Moose hunting by road
I passed by this tiny settlement so many times on the train between Moosonee and Cochrane yet I had never set foot there.
But on Oct. 18, I was among those who disembarked the train at the regular rail stop. I was there for the moose hunt along with my friend Ryan, his father Patrick Sr., and his son and nephew. My original hope was to hunt with my dad, who traditionally moose hunts on either the Abitibi or Kwatabohigan River near Moosonee. But he said he was ill, which left me to contact Ryan about his hunting plans.
Located along the railway at mileage 69, Fraserdale is about 130 kilometres north of Timmins and was originally a stop for rail workers and those who lived at the nearby Abitibi Canyon, a settlement established to house construction and hydro workers who were building a generating station in the 1930s.
Until the 1960s, the area was only accessible by train when a year round road to Smooth Rock Falls was built, thereby connecting it to the highway system.
Ryan and his family reached Fraserdale by truck. We stayed in a tent frame at a camp owned by his common-law partner’s uncle, who stayed in his own cabin. The uncle, a Moose Cree member who grew up in Moosonee, is one of few people who now reside in Fraserdale.
Upon arriving at the camp, I was surprised that the cabin had not only a working stove, fridge and freezer, but also satellite TV.
But there is no running water and I asked if he got drinking water from a nearby spring.
“No, I get it from town,” he said, then added with a chuckle: “We’re not that savage-y.”
The area has a network of gravel and dirt roads, one of which crosses a dam and leads to Otter Rapids, another dam along the Abitibi River.
As we prepared to drive out the first night, I was reminded to put on a bright orange vest, something I have always associated with non-Native hunters in the south. I have never seen hunters donning one around Moosonee.
The uncle and Patrick said hunters are jumpy and some will even fire at objects from afar. So I put one on and jumped on the back of a four-wheeler to head out.
It felt odd moose hunting along roads. On the river, you only decide whether to go upriver or down.
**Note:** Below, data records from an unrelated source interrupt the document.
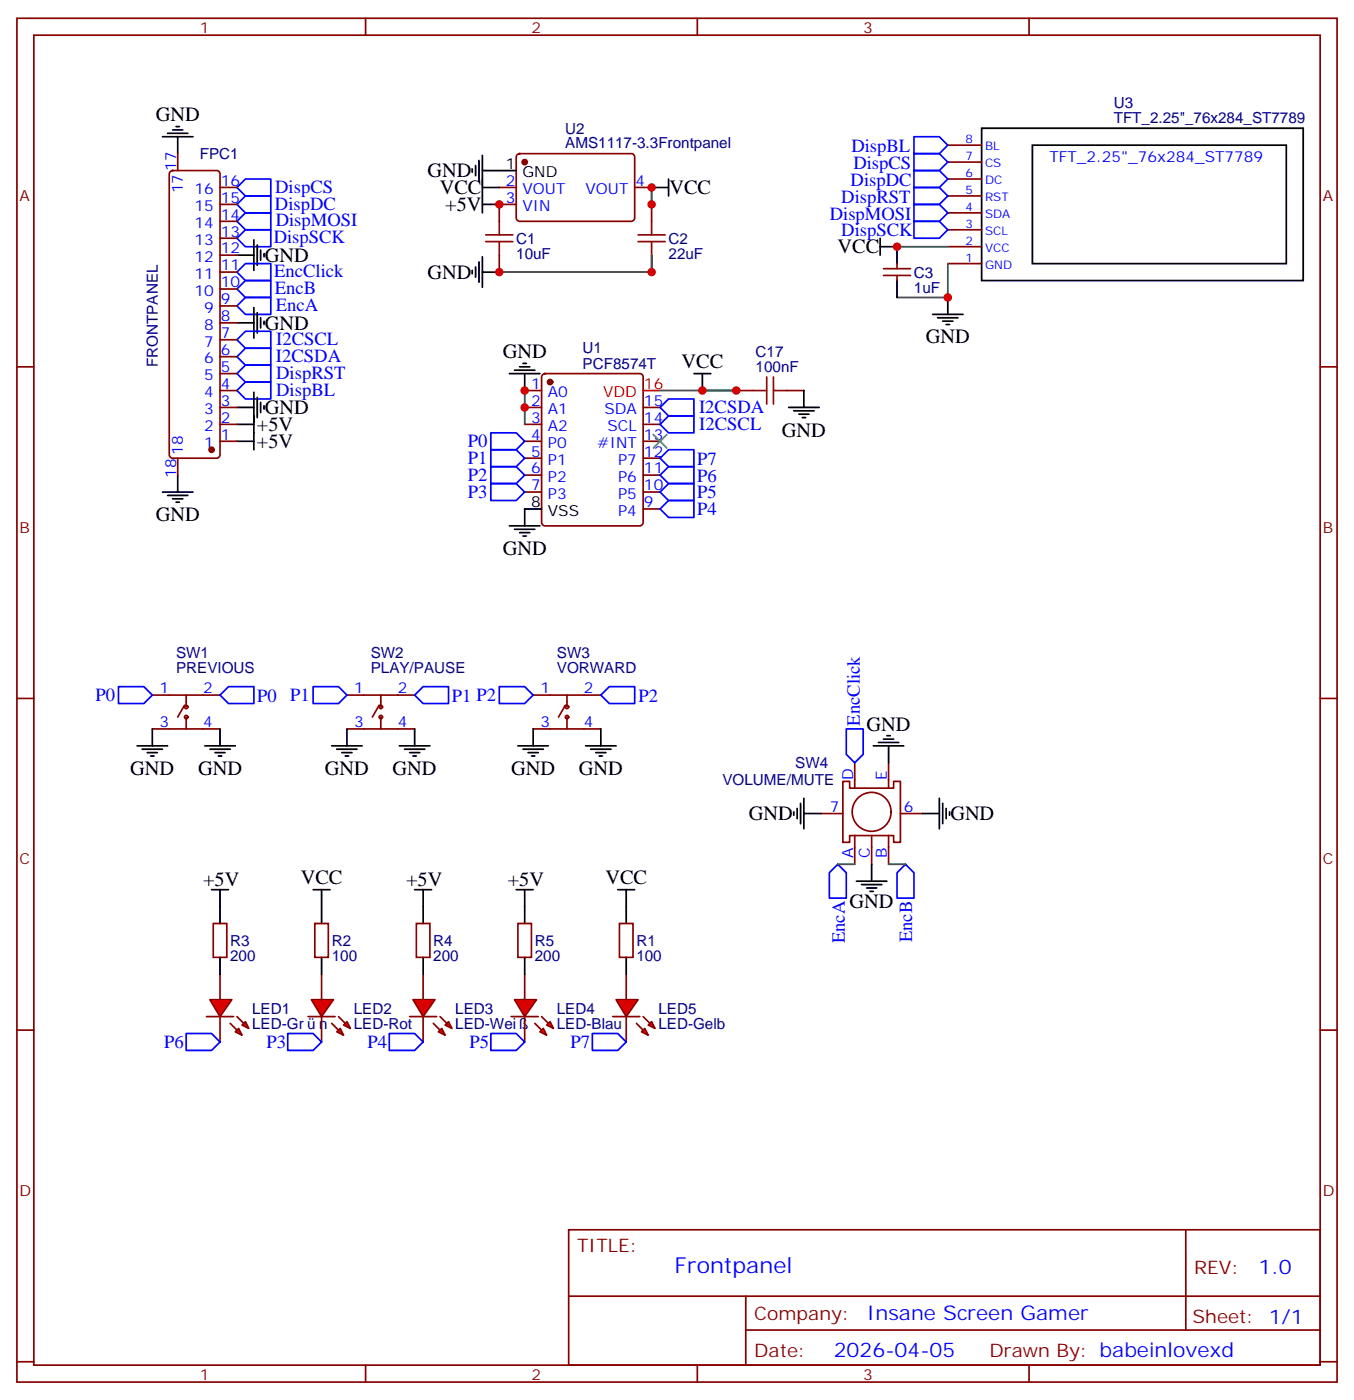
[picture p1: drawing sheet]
<svg xmlns="http://www.w3.org/2000/svg" width="282mm" height="292mm" viewBox="0 0 282 292" stroke-linecap="round" stroke-linejoin="round" font-family="sans-serif">
<g fill="none" stroke="#870000" stroke-width=".35">
<path d="M3.5 3.8h275.2v284.3h-275.2zM7.1 7.3h268.1v277.3h-268.1zM76.2 3.8v3.5M145.3 3.8v3.5M214.5 3.8v3.5M3.5 76.5h3.6M113.1 78.1l.5-.2h19.7a.71 .71 0 0 1 .8 .7v30.3a.76 .76 0 0 1-.8 .7h-19.7a.76 .76 0 0 1-.7-.7v-30.3zM275.2 76.5h3.5M109.4 81.4h3.5M109.4 84.9h3.5M109.4 88.5h3.5M109.4 92h3.5"/>
<path d="M109.4 95.5h3.5M109.4 99.1h3.5M134.1 84.9h3.5M134.1 88.5h3.5M134.1 92h3.5M134.1 95.5h3.5M134.1 99.1h3.5M109.4 102.6h3.5M134.1 102.6h3.5M134.1 106.1h3.5M3.5 145.6h3.6M31.7 144.9h14.2"/>
<path d="M31.7 152h14.2M38.5 147l-1.5 2.5M38.8 144.9v2.5M38.8 149.5v2.5M72.3 144.9h14.1M72.3 152h14.1M79 147l-1.4 2.5M79.4 144.9v2.5M79.4 149.5v2.5M111.1 144.9h14.1M111.1 152h14.1M117.8 147l-1.4 2.5"/>
<path d="M118.2 144.9v2.5M118.2 149.5v2.5M178.2 159v5.3M185.2 159v5.3M275.2 145.6h3.5M171.1 169.6h4.6M175.7 162.9h1.4v1.4h9.2v-1.4h1.4v12.7h-1.4v-1.4h-9.2v1.4h-1.4zM178.2 174.2v6M181.7 174.2v6M185.2 174.2v6M187.7 169.6h4.6M3.5 214.8h3.6"/>
<path d="M275.2 214.8h3.5M118.5 256.4h156.7v28.2h-156.7zM247.2 256.4v20.9M118.6 270.2h156.4M155.4 277.3h119.6M155.4 270.2v14.2M3.5 283.9h3.6M76.2 284.6v3.5M145.3 284.6v3.5M214.5 284.6v3.5M275.2 283.9h3.5"/>
<circle cx="38.8" cy="149.5" r=".35"/>
<circle cx="38.8" cy="147.4" r=".35"/>
<circle cx="79.4" cy="149.5" r=".35"/>
<circle cx="79.4" cy="147.4" r=".35"/>
<circle cx="118.2" cy="147.4" r=".35"/>
<circle cx="118.2" cy="149.5" r=".35"/>
<circle cx="181.7" cy="169.3" r="4.1"/>
</g>
<circle cx="114.7" cy="79.7" r=".53" fill="#870000" stroke="#870000" stroke-width=".35"/>
<g fill="none" stroke="#000" stroke-width=".35">
<path d="M33.9 28.5h6.3M34.9 27.8h4.3M36 27.1h2.1M36.7 26.4h.7M37 28.5v3.5M49.4 53.2h3.5M52.9 50v6.4M53.6 51.1v4.2M54.3 52.1v2.2M55 52.8v.8M49.4 67.3h3.5M52.9 64.1v6.4"/>
<path d="M53.6 65.2v4.2M54.3 66.3v2.1M55 67v.7M37 99.1v3.5M49.4 84.9h3.5M49.4 88.5h3.5M49.4 92h3.5M52.9 81.8v12M53.6 82.8v4.3M54.3 83.9v2.1M55 84.6v.7M33.9 102.6h6.3"/>
<path d="M34.9 103.3h4.3M36 104h2.1M36.7 104.7h.7M109.4 106.1h3.5"/>
</g>
<path d="M134.1 81.4h3.5" fill="none" stroke="#f00" stroke-width=".35"/>
<path d="M49.4 39.1l1.8-1.8h5.2v3.6h-5.2zM49.4 42.6l1.8-1.7h5.2v3.5h-5.2zM49.4 46.1l1.8-1.7h5.2v3.5h-5.2zM49.4 49.7l1.8-1.8h5.2v3.5h-5.2zM49.4 56.7l1.8-1.7h5.2v3.5h-5.2zM49.4 60.3l1.8-1.8h5.2v3.5h-5.2zM49.4 63.8l1.8-1.8h5.2v3.5h-5.2zM49.4 70.8l1.8-1.7h5.2v3.5h-5.2zM49.4 74.4l1.8-1.8h5.2v3.5h-5.2zM51.2 76.1h5.2v3.6h-5.2l-1.8-1.8zM49.4 81.4l1.8-1.7h5.2v3.5h-5.2z" fill="none" stroke="#00f" stroke-width=".35"/>
<g fill="#f00" stroke="#870000" stroke-width=".35">
<path d="M43.7 208.4h4.6l-2.4 3.5z"/>
<path d="M43 211.9h5.7z"/>
</g>
<g fill="#870000" stroke="#870000" stroke-width=".35">
<path d="M49.4 211.9l1.4 1.5z"/>
<path d="M48 213.4l1.4 1.4z"/>
</g>
<g fill="#f00" stroke="#870000" stroke-width=".35">
<path d="M50.4 213.7l.8-.7 .7 1.4z"/>
<path d="M49 215.1l.7-.7 .7 1.4z"/>
</g>
<path d="M45.9 203.1v5.3M45.9 211.9v5.3" fill="none" stroke="#870000" stroke-width=".35"/>
<g fill="#f00" stroke="#870000" stroke-width=".35">
<path d="M64.9 208.4h4.6l-2.5 3.5z"/>
<path d="M64.2 211.9h5.6z"/>
</g>
<g fill="#870000" stroke="#870000" stroke-width=".35">
<path d="M70.6 211.9l1.4 1.5z"/>
<path d="M69.1 213.4l1.5 1.4z"/>
</g>
<g fill="#f00" stroke="#870000" stroke-width=".35">
<path d="M71.6 213.7l.7-.7 .7 1.4z"/>
<path d="M70.2 215.1l.7-.7 .7 1.4z"/>
</g>
<path d="M67 203.1v5.3M67 211.9v5.3" fill="none" stroke="#870000" stroke-width=".35"/>
<g fill="#f00" stroke="#870000" stroke-width=".35">
<path d="M86.1 208.4h4.6l-2.5 3.5z"/>
<path d="M85.4 211.9h5.6z"/>
</g>
<g fill="#870000" stroke="#870000" stroke-width=".35">
<path d="M91.7 211.9l1.4 1.5z"/>
<path d="M90.3 213.4l1.4 1.4z"/>
</g>
<g fill="#f00" stroke="#870000" stroke-width=".35">
<path d="M92.8 213.7l.7-.7 .7 1.4z"/>
<path d="M91.4 215.1l.7-.7 .7 1.4z"/>
</g>
<path d="M88.2 203.1v5.3M88.2 211.9v5.3" fill="none" stroke="#870000" stroke-width=".35"/>
<g fill="#f00" stroke="#870000" stroke-width=".35">
<path d="M107.2 208.4h4.6l-2.4 3.5z"/>
<path d="M106.5 211.9h5.7z"/>
</g>
<g fill="#870000" stroke="#870000" stroke-width=".35">
<path d="M112.9 211.9l1.4 1.5z"/>
<path d="M111.5 213.4l1.4 1.4z"/>
</g>
<g fill="#f00" stroke="#870000" stroke-width=".35">
<path d="M113.9 213.7l.8-.7 .7 1.4z"/>
<path d="M112.5 215.1l.7-.7 .7 1.4z"/>
</g>
<path d="M109.4 203.1v5.3M109.4 211.9v5.3" fill="none" stroke="#870000" stroke-width=".35"/>
<g fill="#f00" stroke="#870000" stroke-width=".35">
<path d="M128.4 208.4h4.6l-2.5 3.5z"/>
<path d="M127.7 211.9h5.6z"/>
</g>
<g fill="#870000" stroke="#870000" stroke-width=".35">
<path d="M134.1 211.9l1.4 1.5z"/>
<path d="M132.6 213.4l1.5 1.4z"/>
</g>
<g fill="#f00" stroke="#870000" stroke-width=".35">
<path d="M135.1 213.7l.7-.7 .7 1.4z"/>
<path d="M133.7 215.1l.7-.7 .7 1.4z"/>
</g>
<g fill="none" stroke="#870000" stroke-width=".35">
<path d="M35.5 35.8l.5-.2h9.2a.71 .71 0 0 1 .7 .7v58.5a.76 .76 0 0 1-.7 .7h-9.2a.76 .76 0 0 1-.7-.7v-58.5zM37 32v3.6M45.9 39.1h3.5M104.1 39.1h3.5M107.8 32.2l.5-.2h23.3a.71 .71 0 0 1 .7 .7v12.7a.76 .76 0 0 1-.7 .7h-23.3a.76 .76 0 0 1-.7-.7v-12.7zM132.3 39.1h3.5M197.6 37.3h7M197.6 33.8h7M197.6 30.3h7M45.9 42.6h3.5M45.9 46.1h3.5M45.9 49.7h3.5"/>
<path d="M45.9 53.2h3.5M45.9 56.7h3.5M104.1 53.2v3.5M107.6 42.6h-3.5v3.5M135.8 42.6v3.5M135.8 53.2v3.5M184.1 56h5.7M184.1 57.4h5.7M187 55v1M187 57.4v1.1M197.6 55h7M197.6 51.4h7"/>
<path d="M197.6 47.9h7M197.6 44.4h7M197.6 40.9h7M45.9 60.3h3.5M45.9 63.8h3.5M45.9 67.3h3.5M45.9 70.8h3.5M45.9 74.4h3.5M45.9 77.9h3.5M37 95.5v3.6M45.9 81.4h3.5M45.9 84.9h3.5"/>
<path d="M45.9 88.5h3.5M45.9 92h3.5M153.5 81.4h3.5M164 81.4h3.6M44.4 192.5h2.9v7.1h-2.9zM65.6 192.5h2.8v7.1h-2.8zM86.8 192.5h2.8v7.1h-2.8zM107.9 192.5h2.9v7.1h-2.9zM129.1 192.5h2.8v7.1h-2.8zM130.5 203.1v5.3M130.5 211.9v5.3"/>
</g>
<g fill="#870000" stroke="#870000" stroke-width=".35">
<circle cx="44.1" cy="93.8" r=".53"/>
<circle cx="109.4" cy="33.8" r=".53"/>
</g>
<g fill="none" stroke="#000" stroke-width=".35">
<path d="M98.4 35.2v.7M99.1 34.5v2.1M99.8 33.4v4.3M100.5 35.6h7.1M100.5 39.1h3.6M100.5 32.4v12M135.8 39.1h3.5M139.3 37.3v3.6M204.6 26.7h67v31.8h-67zM215.2 30.3h52.9v24.7h-52.9zM98.4 56.4v.7M99.1 55.7v2.1"/>
<path d="M99.8 54.6v4.2M100.5 53.6v6.3M100.5 42.6h3.6M100.5 56.7h3.6M183.4 51.4h3.6v3.6M183.4 49.7v3.5M187 58.5v3.5M106.2 77.9h6.3M107.2 77.2h4.3M108.3 76.5h2.1M109 75.8h.7M109.4 77.9v3.5"/>
<path d="M144.6 77.9h3.6M146.4 77.9v3.5M194.4 65.5h6.3M195.4 66.3h4.3M196.5 67h2.1M197.2 67.7h.7M197.6 62v3.5M164.4 84.9h6.3M165.5 85.7h4.2M166.5 86.4h2.1M167.2 87.1h.7M167.6 81.4v3.5"/>
<path d="M106.2 109.6h6.3M107.2 110.3h4.3M108.3 111.1h2.1M109 111.8h.7M109.4 106.1v3.5M28.6 155.5h6.3M29.6 156.2h4.3M30.7 156.9h2.1M31.4 157.6h.7M31.7 152v3.5M42.7 155.5h6.3M43.7 156.2h4.3"/>
<path d="M44.8 156.9h2.1M45.5 157.6h.7M45.9 152v3.5M69.1 155.5h6.4M70.2 156.2h4.2M71.3 156.9h2.1M72 157.6h.7M72.3 152v3.5M83.3 155.5h6.3M84.3 156.2h4.2M85.4 156.9h2.1M86.1 157.6h.7"/>
<path d="M86.4 152v3.5M107.9 155.5h6.4M109 156.2h4.2M110.1 156.9h2.1M110.8 157.6h.7M111.1 152v3.5M122.1 155.5h6.3M123.1 156.2h4.3M124.2 156.9h2.1M124.9 157.6h.7M125.2 152v3.5M182 155.5h6.4"/>
<path d="M183.1 154.8h4.2M184.1 154.1h2.2M184.9 153.4h.7M185.2 155.5v3.5M165.5 169.3v.7M166.2 168.6v2.1M166.9 167.5v4.2M167.6 169.6h3.5M167.6 166.4v6.4M192.3 169.6h3.5M195.8 166.4v6.4M196.5 167.5v4.2"/>
<path d="M197.2 168.6v2.1M197.9 169.3v.7M44.1 185.5h3.5M45.9 185.5v7M45.9 199.6v3.5M65.3 185.5h3.5M67 185.5v7M67 199.6v3.5M86.4 185.5h3.6M88.2 185.5v7M88.2 199.6v3.5M107.6 185.5h3.5"/>
<path d="M109.4 185.5v7M109.4 199.6v3.5M128.8 185.5h3.5M130.5 185.5v7M130.5 199.6v3.5M178.5 183.7h6.4M179.6 184.4h4.2M180.6 185.1h2.1M181.3 185.8h.7M181.7 180.2v3.5"/>
</g>
<path d="M101.2 50.4h5.7M101.2 49h5.7M104.1 46.1v2.9M104.1 50.4v2.8M133 50.4h5.6M133 49h5.6M135.8 46.1v2.9M135.8 50.4v2.8M159.8 78.6v5.6M161.2 78.6v5.6M157 81.4h2.8M161.2 81.4h2.8" fill="none" stroke="#a10000" stroke-width=".35"/>
<g fill="none" stroke="#00f" stroke-width=".35">
<path d="M190.5 35.6h5.3l1.8 1.7-1.8 1.8h-5.3zM190.5 32h5.3l1.8 1.8-1.8 1.8h-5.3zM190.5 39.1h5.3l1.8 1.8-1.8 1.7h-5.3zM190.5 28.5h5.3l1.8 1.8-1.8 1.7h-5.3zM190.5 46.1h5.3l1.8 1.8-1.8 1.8h-5.3zM190.5 42.6h5.3l1.8 1.8-1.8 1.7h-5.3zM102.3 90.2h5.3l1.8 1.8-1.8 1.8h-5.3zM102.3 93.8h5.3l1.8 1.7-1.8 1.8h-5.3zM102.3 97.3h5.3l1.8 1.8-1.8 1.7h-5.3zM137.6 88.5l1.7-1.8h5.3v3.5h-5.3zM137.6 84.9l1.7-1.7h5.3v3.5h-5.3zM137.6 99.1l1.7-1.8h5.3v3.5h-5.3z"/>
<path d="M139.3 93.8h5.3v3.5h-5.3l-1.7-1.8zM102.3 100.8h5.3l1.8 1.8-1.8 1.8h-5.3zM137.6 106.1l1.7-1.7h5.3v3.5h-5.3zM137.6 102.6l1.7-1.8h5.3v3.6h-5.3zM24.7 143.2h5.3l1.7 1.7-1.7 1.8h-5.3zM45.9 144.9l1.7-1.7h5.3v3.5h-5.3zM65.3 143.2h5.3l1.7 1.7-1.7 1.8h-5.3zM86.4 144.9l1.8-1.7h5.3v3.5h-5.3zM104.1 143.2h5.3l1.7 1.7-1.7 1.8h-5.3zM125.2 144.9l1.8-1.7h5.3v3.5h-5.3zM176.4 152h3.5v5.3l-1.7 1.7-1.8-1.7zM174.6 180.2l1.8 1.8v5.3h-3.5v-5.3z"/>
<path d="M188.7 180.2l1.8 1.8v5.3h-3.5v-5.3zM38.8 215.5h5.3l1.8 1.7-1.8 1.8h-5.3zM60 215.5h5.3l1.7 1.7-1.7 1.8h-5.3zM81.1 215.5h5.3l1.8 1.7-1.8 1.8h-5.3zM102.3 215.5h5.3l1.8 1.7-1.8 1.8h-5.3zM123.5 215.5h5.3l1.7 1.7-1.7 1.8h-5.3z"/>
</g>
<path d="M135.8 39.1v3.5M135.8 53.2v3.5h-31.7M187 51.4h10.6M197.6 55v7h-10.6M109.4 81.4v7.1M137.6 81.4h15.9M174.6 180.2h3.6M185.2 180.2h3.5" fill="none" stroke="#008700" stroke-width=".35"/>
<path d="M136.2 90.6l2.8 2.8M139 90.6l-2.8 2.8" fill="none" stroke="#3c3" stroke-width=".35"/>
<g fill="#c00">
<circle cx="135.8" cy="39.1" r=".88"/>
<circle cx="104.1" cy="42.6" r=".88"/>
<circle cx="135.8" cy="42.6" r=".88"/>
<circle cx="104.1" cy="56.7" r=".88"/>
<circle cx="135.8" cy="56.7" r=".88"/>
<circle cx="153.5" cy="81.4" r=".88"/>
<circle cx="146.4" cy="81.4" r=".88"/>
<circle cx="109.4" cy="81.4" r=".88"/>
<circle cx="109.4" cy="84.9" r=".88"/>
<circle cx="197.6" cy="62" r=".88"/>
<circle cx="187" cy="51.4" r=".88"/>
</g>
<text font-size="4.6" fill="#00f" x="140.6" y="265.4">Frontpanel</text>
<g font-size="4.2">
<text x="32.5" y="25.3">GND</text>
<text x="89.1" y="37">GND</text>
<text x="91.7" y="40.5">VCC</text>
<text x="139.5" y="40.5">VCC</text>
<text x="92.8" y="44.1">+5V</text>
<text x="174.6" y="52.8">VCC</text>
<text x="55.2" y="54.6">GND</text>
<text x="89.1" y="58.2">GND</text>
<text x="55.2" y="68.7">GND</text>
<text x="193" y="71.5">GND</text>
<text x="104.8" y="74.7">GND</text>
<text x="142" y="76.8">VCC</text>
<text x="53.6" y="89.9">+5V</text>
<text x="55.2" y="86.4">GND</text>
<text x="53.6" y="93.4">+5V</text>
<text x="163" y="91">GND</text>
<text x="32.5" y="108.7">GND</text>
<text x="104.8" y="115.7">GND</text>
<text x="180.6" y="152.3">GND</text>
<text x="27.2" y="161.6">GND</text>
<text x="41.3" y="161.6">GND</text>
<text x="67.7" y="161.6">GND</text>
<text x="81.8" y="161.6">GND</text>
<text x="106.5" y="161.6">GND</text>
<text x="120.6" y="161.6">GND</text>
<text x="156.1" y="171">GND</text>
<text x="198.1" y="171">GND</text>
<text x="42.3" y="184.8">+5V</text>
<text x="62.7" y="184.4">VCC</text>
<text x="84.7" y="184.8">+5V</text>
<text x="105.8" y="184.8">+5V</text>
<text x="126.2" y="184.4">VCC</text>
<text x="177.1" y="189.4">GND</text>
</g>
<g font-size="4.2" fill="#00f">
<text x="262.3" y="265.7">1.0</text>
<text x="180.7" y="275.2">Insane Screen Gamer</text>
<text x="173.8" y="283">2026-04-05</text>
</g>
<g font-size="3.9" fill="#00f">
<text x="177.5" y="31.6">DispBL</text>
<text x="177.9" y="35.2">DispCS</text>
<text x="57.4" y="40.2">DispCS</text>
<text x="177.3" y="38.7">DispDC</text>
<text x="57.3" y="43.7">DispDC</text>
<text x="57.5" y="47.2">DispMOSI</text>
<text x="173" y="45.8">DispMOSI</text>
<text x="175.4" y="42.2">DispRST</text>
<text x="57.1" y="50.8">DispSCK</text>
<text x="175.4" y="49.3">DispSCK</text>
<text x="57.2" y="57.8">EncClick</text>
<text x="57.3" y="61.3">EncB</text>
<text x="57.5" y="64.9">EncA</text>
<text x="57.6" y="71.9">I2CSCL</text>
<text x="57.5" y="75.5">I2CSDA</text>
<text x="57.6" y="82.5">DispBL</text>
<text x="57.6" y="79">DispRST</text>
<text x="145.7" y="86">I2CSDA</text>
<text x="145.8" y="89.6">I2CSCL</text>
<text x="97.5" y="93.3">P0</text>
<text x="97.5" y="96.7">P1</text>
<text x="97.5" y="100.2">P2</text>
<text x="145.3" y="100.4">P6</text>
<text x="145.3" y="96.9">P7</text>
<text x="97.5" y="103.8">P3</text>
<text x="145.3" y="107.5">P4</text>
<text x="145.3" y="103.9">P5</text>
<text x="19.9" y="146.2">P0</text>
<text x="53.6" y="146.3">P0</text>
<text x="60.5" y="146.1">P1</text>
<text x="94.2" y="146.3">P1 P2</text>
<text x="133.1" y="146.3">P2</text>
<text x="179.2" y="151.3" transform="rotate(-90 179.2 151.3)">EncClick</text>
<text x="176.1" y="196.7" transform="rotate(-90 176.1 196.7)">EncA</text>
<text x="190.1" y="196.5" transform="rotate(-90 190.1 196.5)">EncB</text>
<text x="34.2" y="218.4">P6</text>
<text x="55.5" y="218.5">P3</text>
<text x="76.6" y="218.4">P4</text>
<text x="97.9" y="218.4">P5</text>
<text x="118.9" y="218.4">P7</text>
</g>
<g font-size="3.9" fill="#800">
<text x="120.3" y="261">TITLE:</text>
<text x="248.9" y="265.7">REV:</text>
<text x="157.2" y="275.2">Company:</text>
<text x="248.6" y="275.8">Sheet: 1/1</text>
<text x="157.2" y="282.9">Date:</text>
<text x="206.2" y="282.9">Drawn By: babeinlovexd</text>
</g>
<g font-size="3.2" fill="#800">
<text x="41.6" y="6.8">1</text>
<text x="110.8" y="6.8">2</text>
<text x="179.9" y="6.8">3</text>
<text x="4.1" y="41.9">A</text>
<text x="275.7" y="41.9">A</text>
<text x="4.1" y="111.1">B</text>
<text x="275.7" y="111.1">B</text>
<text x="4.1" y="180.2">C</text>
<text x="275.7" y="180.2">C</text>
<text x="4.1" y="249.3">D</text>
<text x="275.7" y="249.3">D</text>
<text x="41.6" y="287.6">1</text>
<text x="110.8" y="287.6">2</text>
<text x="179.9" y="287.6">3</text>
</g>
<g font-size="3.2" fill="#000080">
<text x="232.1" y="22.5">U3</text>
<text x="117.8" y="27.9">U2</text>
<text x="232.1" y="25.7">TFT_2.25&quot;_76x284_ST7789</text>
<text x="41.7" y="33.2">FPC1</text>
<text x="117.8" y="30.9">AMS1117-3.3Frontpanel</text>
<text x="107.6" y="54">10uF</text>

Here, you decide which road to drive along and there are a lot of them.
But I suppose the methods are the same: look for fresh signs of tracks, feedings or bush breakage, and try to call them out.
There were not many hunters the first two days save for the hunters who own camps in the area, but when the weekend came, so did the trucks on the road.
At one point, the five of us were in a truck driving along the main road when we spotted a moose cow and calf. They trotted into the bush by the time we were ready with our rifles.
Patrick dropped Ryan and I off at the four-wheeler at a spot we saw a bull moose that morning, and Patrick decided to return to the spot where we saw the cow and calf. As he stood along the road, calling, non-Native hunters stopped nearby to shoot a partridge with a shotgun. They promptly picked up the carcass and drove off, leaving Patrick to abandon the spot since a shot rang out.
The road leading to the highway added a convenience factor to the hunt. Where on the river you must pack what you need and survive on that until you return home, in Fraserdale you can just drive to Smooth Rock Falls or Cochrane if you are low on supplies. We did so one day to pick up more fuel. We ended up going to Cochrane, where Ryan picked up some fast food. That evening, at camp, we were eating a bucket of KFC.
I felt spoiled hunting at Fraserdale. I was used to roughing it out, setting up a canvas tent with pine branch flooring and living off what we had. It made the hunt feel more authentic and primal.
There were a lot of moose around Fraserdale. We saw them at least three times, but not long enough to fire a shot. It was difficult to call them out and they never returned a call.
I asked Patrick how he liked hunting at Fraserdale.
“Too many people,” he said. “You don’t get that on the river.”
We left Fraserdale after five days, each of us needing to return to work. Despite the foreign experience of hunting along roads, it was a fun trip. It was my first time fall hunting in years and I enjoyed the cool air and changing leaves; and I experienced the exhilaration of seeing a majestic bull moose, which unfortunately ran off into the bush.
I want to go again next year. Hopefully on a boat this time.